Wafi Energy Pakistan Limited
- Formerly: Burmah Shell Oil Distribution Company of Pakistan (1947–1970) Pakistan Burmah Shell (1970–1993) Shell Pakistan Limited (1993–2024)
- Type: Public
- Traded as: PSX: WAFI KSE 100 component
- Industry: Oil and gas
- Founded: 1947; 79 years ago
- Headquarters: Karachi, Pakistan
- Area served: Pakistan
- Key people: Waqar Siddiqui (CEO)
- Products: Gasoline, Aviation fuels, Compressed natural gas and lubricants
- Revenue: Rs. 435.464 billion (US$1.6 billion) (2024)
- Operating income: Rs. 7.279 billion (US$26 million) (2024)
- Net income: Rs. 3.297 billion (US$12 million) (2024)
- Total assets: Rs. 113.873 billion (US$410 million) (2024)
- Total equity: Rs. 23.057 billion (US$82 million) (2024)
- Owner: Wafi Energy Holding (87.78%)
- Parent: Wafi Energy Holding
- Website: shell.com.pk

= Wafi Energy Pakistan =

Pakistani oil marketing company

Wafi Energy Pakistan Limited, doing business as Shell, is a Pakistani oil marketing company based in Karachi. It is a subsidiary of Wafi Energy Holding, a Saudi Arabian oil and gas company. Previously, it was a part of Shell plc.

==History==
Wafi's origins in Pakistan date to 1947, when, following the country's independence, the Burmah Shell Oil Storage and Distribution Company of India was reorganised as Burmah Shell Oil Distribution Company of Pakistan. The predecessor company traced its commercial presence in the Indian subcontinent further back to 1903, when The Shell Transport and Trading Company and the Royal Dutch Petroleum Company entered a partnership to supply petroleum across Asia, and to 1928, when Royal Dutch Shell merged its marketing interests in India with those of the Burmah Oil Company.

During the 1950s, Burmah Shell promoted kerosene oil in Pakistan by featuring popular singers such as Mohammed Rafi in its advertisements.

In 1965, Shell sold half of its stake in Burmah Shell, which was operating in East Pakistan. Later, a new company was formed for East Pakistan named Burmah Eastern Limited, which was listed on the stock exchange and the majority of its shareholding was held by Pakistanis.

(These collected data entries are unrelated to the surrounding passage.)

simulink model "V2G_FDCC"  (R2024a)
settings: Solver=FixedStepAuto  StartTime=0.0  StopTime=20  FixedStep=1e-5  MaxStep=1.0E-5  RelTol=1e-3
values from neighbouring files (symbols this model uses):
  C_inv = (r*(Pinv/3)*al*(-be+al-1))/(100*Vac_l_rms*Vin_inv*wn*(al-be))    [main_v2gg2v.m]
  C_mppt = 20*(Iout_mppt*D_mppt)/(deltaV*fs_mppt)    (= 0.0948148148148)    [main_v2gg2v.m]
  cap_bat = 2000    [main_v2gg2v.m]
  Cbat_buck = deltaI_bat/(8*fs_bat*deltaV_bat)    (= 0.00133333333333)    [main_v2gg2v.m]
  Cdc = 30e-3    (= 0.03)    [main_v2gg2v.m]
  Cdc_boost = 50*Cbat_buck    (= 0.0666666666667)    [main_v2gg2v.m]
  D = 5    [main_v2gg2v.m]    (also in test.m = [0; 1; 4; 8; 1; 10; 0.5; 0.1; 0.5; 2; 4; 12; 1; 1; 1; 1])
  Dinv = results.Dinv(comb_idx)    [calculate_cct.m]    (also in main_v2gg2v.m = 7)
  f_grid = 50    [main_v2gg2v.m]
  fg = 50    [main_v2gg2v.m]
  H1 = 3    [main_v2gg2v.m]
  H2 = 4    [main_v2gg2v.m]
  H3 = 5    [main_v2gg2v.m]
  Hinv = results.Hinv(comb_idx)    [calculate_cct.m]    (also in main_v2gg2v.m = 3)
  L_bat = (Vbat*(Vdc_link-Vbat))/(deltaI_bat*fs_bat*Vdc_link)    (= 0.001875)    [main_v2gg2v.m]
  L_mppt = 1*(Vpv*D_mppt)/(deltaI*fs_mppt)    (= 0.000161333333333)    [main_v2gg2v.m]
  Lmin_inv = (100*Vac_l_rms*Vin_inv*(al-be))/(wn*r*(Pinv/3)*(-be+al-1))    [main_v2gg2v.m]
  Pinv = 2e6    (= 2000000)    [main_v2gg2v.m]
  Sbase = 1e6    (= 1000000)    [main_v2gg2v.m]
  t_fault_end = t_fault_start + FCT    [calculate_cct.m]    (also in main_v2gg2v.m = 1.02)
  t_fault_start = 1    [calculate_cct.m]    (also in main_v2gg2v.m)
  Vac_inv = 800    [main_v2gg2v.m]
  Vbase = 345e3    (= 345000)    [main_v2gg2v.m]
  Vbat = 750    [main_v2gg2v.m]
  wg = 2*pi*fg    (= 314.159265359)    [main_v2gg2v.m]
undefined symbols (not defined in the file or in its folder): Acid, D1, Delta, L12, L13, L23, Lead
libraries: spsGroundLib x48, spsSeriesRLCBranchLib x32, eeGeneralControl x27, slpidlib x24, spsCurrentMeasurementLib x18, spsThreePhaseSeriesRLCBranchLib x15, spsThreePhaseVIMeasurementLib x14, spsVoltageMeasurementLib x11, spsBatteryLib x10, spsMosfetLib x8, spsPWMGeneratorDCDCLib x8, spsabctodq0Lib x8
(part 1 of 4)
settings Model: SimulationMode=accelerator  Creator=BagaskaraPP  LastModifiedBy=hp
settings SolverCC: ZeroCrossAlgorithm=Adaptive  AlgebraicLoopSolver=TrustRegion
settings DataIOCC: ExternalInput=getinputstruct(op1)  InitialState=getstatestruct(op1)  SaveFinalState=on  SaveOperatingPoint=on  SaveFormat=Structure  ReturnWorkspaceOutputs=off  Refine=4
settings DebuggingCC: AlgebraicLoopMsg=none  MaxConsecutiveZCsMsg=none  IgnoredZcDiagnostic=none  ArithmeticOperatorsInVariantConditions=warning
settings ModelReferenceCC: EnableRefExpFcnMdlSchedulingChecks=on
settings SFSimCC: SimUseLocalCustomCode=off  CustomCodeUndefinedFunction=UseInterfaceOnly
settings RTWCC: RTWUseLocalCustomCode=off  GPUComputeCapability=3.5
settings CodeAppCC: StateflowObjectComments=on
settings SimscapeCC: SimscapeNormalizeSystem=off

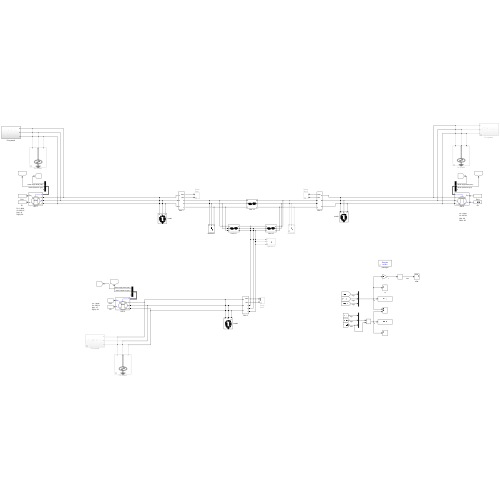
[thumbnail: Simulink's stored preview of the top-level diagram]
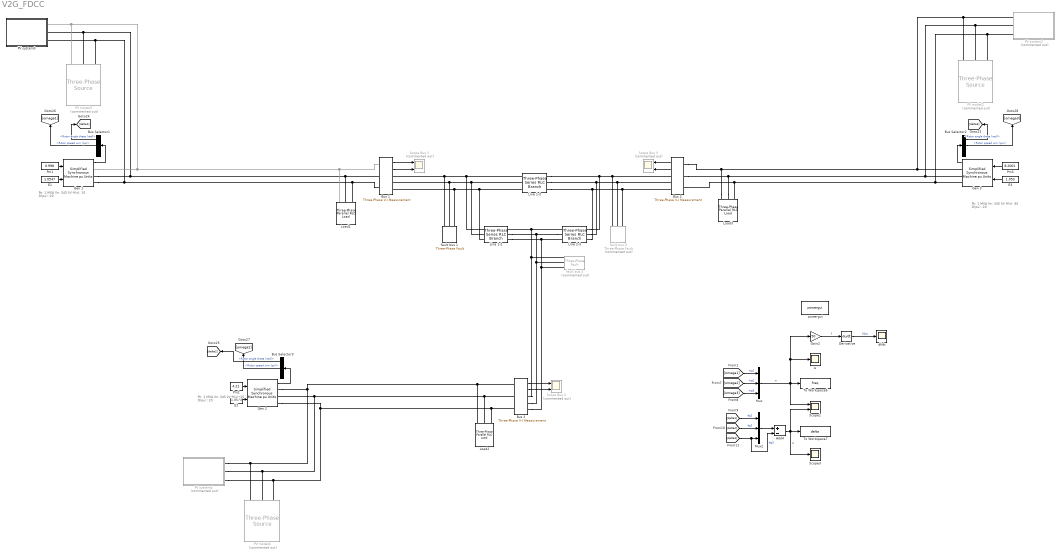
== system V2G_FDCC ==
  note: Pn: 1 MVA
      | Vn: 345 kV
      | H(s): 15
      | D(pu): 20
  note: Pn: 1 MVA
      | Vn: 345 kV
      | H(s): 60
      | D(pu): 20
  note: Pn: 1 MVA
      | Vn: 345 kV
      | H(s): 10
      | D(pu): 20
  Add4 : Sum  Inputs=+-
  Bus Selector1 : BusSelector  OutputSignals=Rotor angle theta (rad),Rotor speed wm (pu),Electrical power Pe (pu)
  Bus Selector2 : BusSelector  OutputSignals=Rotor angle theta (rad),Rotor speed wm (pu),Electrical power Pe (pu)
  Bus Selector3 : BusSelector  OutputSignals=Rotor angle theta (rad),Rotor speed wm (pu),Electrical power Pe (pu)
  Bus 1 : spsThreePhaseVIMeasurementLib/Three-Phase V-I Measurement  VoltageMeasurement=phase-to-ground  SetLabelV=off  LabelV=Vabc  Vpu=off  VpuLL=off  CurrentMeasurement=yes  SetLabelI=off  LabelI=Iabc  Ipu=off  Pbase=100e6  Vbase=500e3  OutputType=Complex  PhasorSimulation=off  PSBequivalent=0
  Bus 2 : spsThreePhaseVIMeasurementLib/Three-Phase V-I Measurement  VoltageMeasurement=phase-to-ground  SetLabelV=off  LabelV=Vabc  Vpu=off  VpuLL=off  CurrentMeasurement=yes  SetLabelI=off  LabelI=Iabc  Ipu=off  Pbase=100e6  Vbase=500e3  OutputType=Complex  PhasorSimulation=off  PSBequivalent=0
  Bus 3 : spsThreePhaseVIMeasurementLib/Three-Phase V-I Measurement  VoltageMeasurement=phase-to-ground  SetLabelV=off  LabelV=Vabc  Vpu=off  VpuLL=off  CurrentMeasurement=yes  SetLabelI=off  LabelI=Iabc  Ipu=off  Pbase=100e6  Vbase=500e3  OutputType=Complex  PhasorSimulation=off  PSBequivalent=0
  Derivative : Derivative
  E1 : Constant  Value=1.0547
  E2 : Constant  Value=1.0573
  E3 : Constant  Value=1.053
  Gain2 : Gain  Gain=50
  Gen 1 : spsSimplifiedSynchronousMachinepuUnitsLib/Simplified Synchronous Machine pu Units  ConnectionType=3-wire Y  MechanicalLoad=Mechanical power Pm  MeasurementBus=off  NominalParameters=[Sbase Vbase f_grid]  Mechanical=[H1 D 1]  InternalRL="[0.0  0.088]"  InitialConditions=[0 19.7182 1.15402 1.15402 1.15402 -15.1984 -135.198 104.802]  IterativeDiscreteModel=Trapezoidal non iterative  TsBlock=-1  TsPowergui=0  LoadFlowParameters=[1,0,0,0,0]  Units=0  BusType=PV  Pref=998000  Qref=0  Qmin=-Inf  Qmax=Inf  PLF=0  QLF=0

In 1970, Burmah Shell was listed on the Karachi Stock Exchange and renamed as Pakistan Burmah Shell (PBS) Limited, after 51 percent of the shareholding was transferred to Pakistani investors, including National Investment Trust, with the Shell and Burmah groups retaining the remainder.

In February 1993, the Burmah Group divested from the company and Shell Petroleum increased its stake to 51 percent, prompting a rename to Shell Pakistan Limited. Over the following decade, Shell Petroleum progressively raised its holding, reaching 77.42 percent by the early 2000s.

In 2022, Shell discontinued its aviation fuel business in Pakistan, having previously been the country's second-largest jet fuel supplier.

In 2024, Asyad Holding, a Saudi based group through UAE-based Wafi Energy Holding Limited acquired 77.42 percent shareholdings and control of Shell Pakistan Limited.

==Operations==
Wafi Energy Pakistan markets petroleum products, lubricants, and compressed natural gas through a network of more than 680 Shell-branded retail stations across Pakistan. Its retail sites offer fuels including Shell Super, Shell Diesel, and the premium gasoline grade Shell V-Power, alongside convenience stores operating under the Shell Select banner. The lubricants business markets Shell brands including Helix, Rimula, and Advance. Wafi also partially owns the Pak-Arab Pipeline Company (PAPCO), which operates the White Oil Pipeline, a 786-kilometre cross-country pipeline transporting diesel and motor gasoline from Karachi ports to up-country depots. Wafi holds a 26 percent shareholding in PAPCO, with PARCO holding 62 percent and Pakistan State Oil the remaining 12 percent.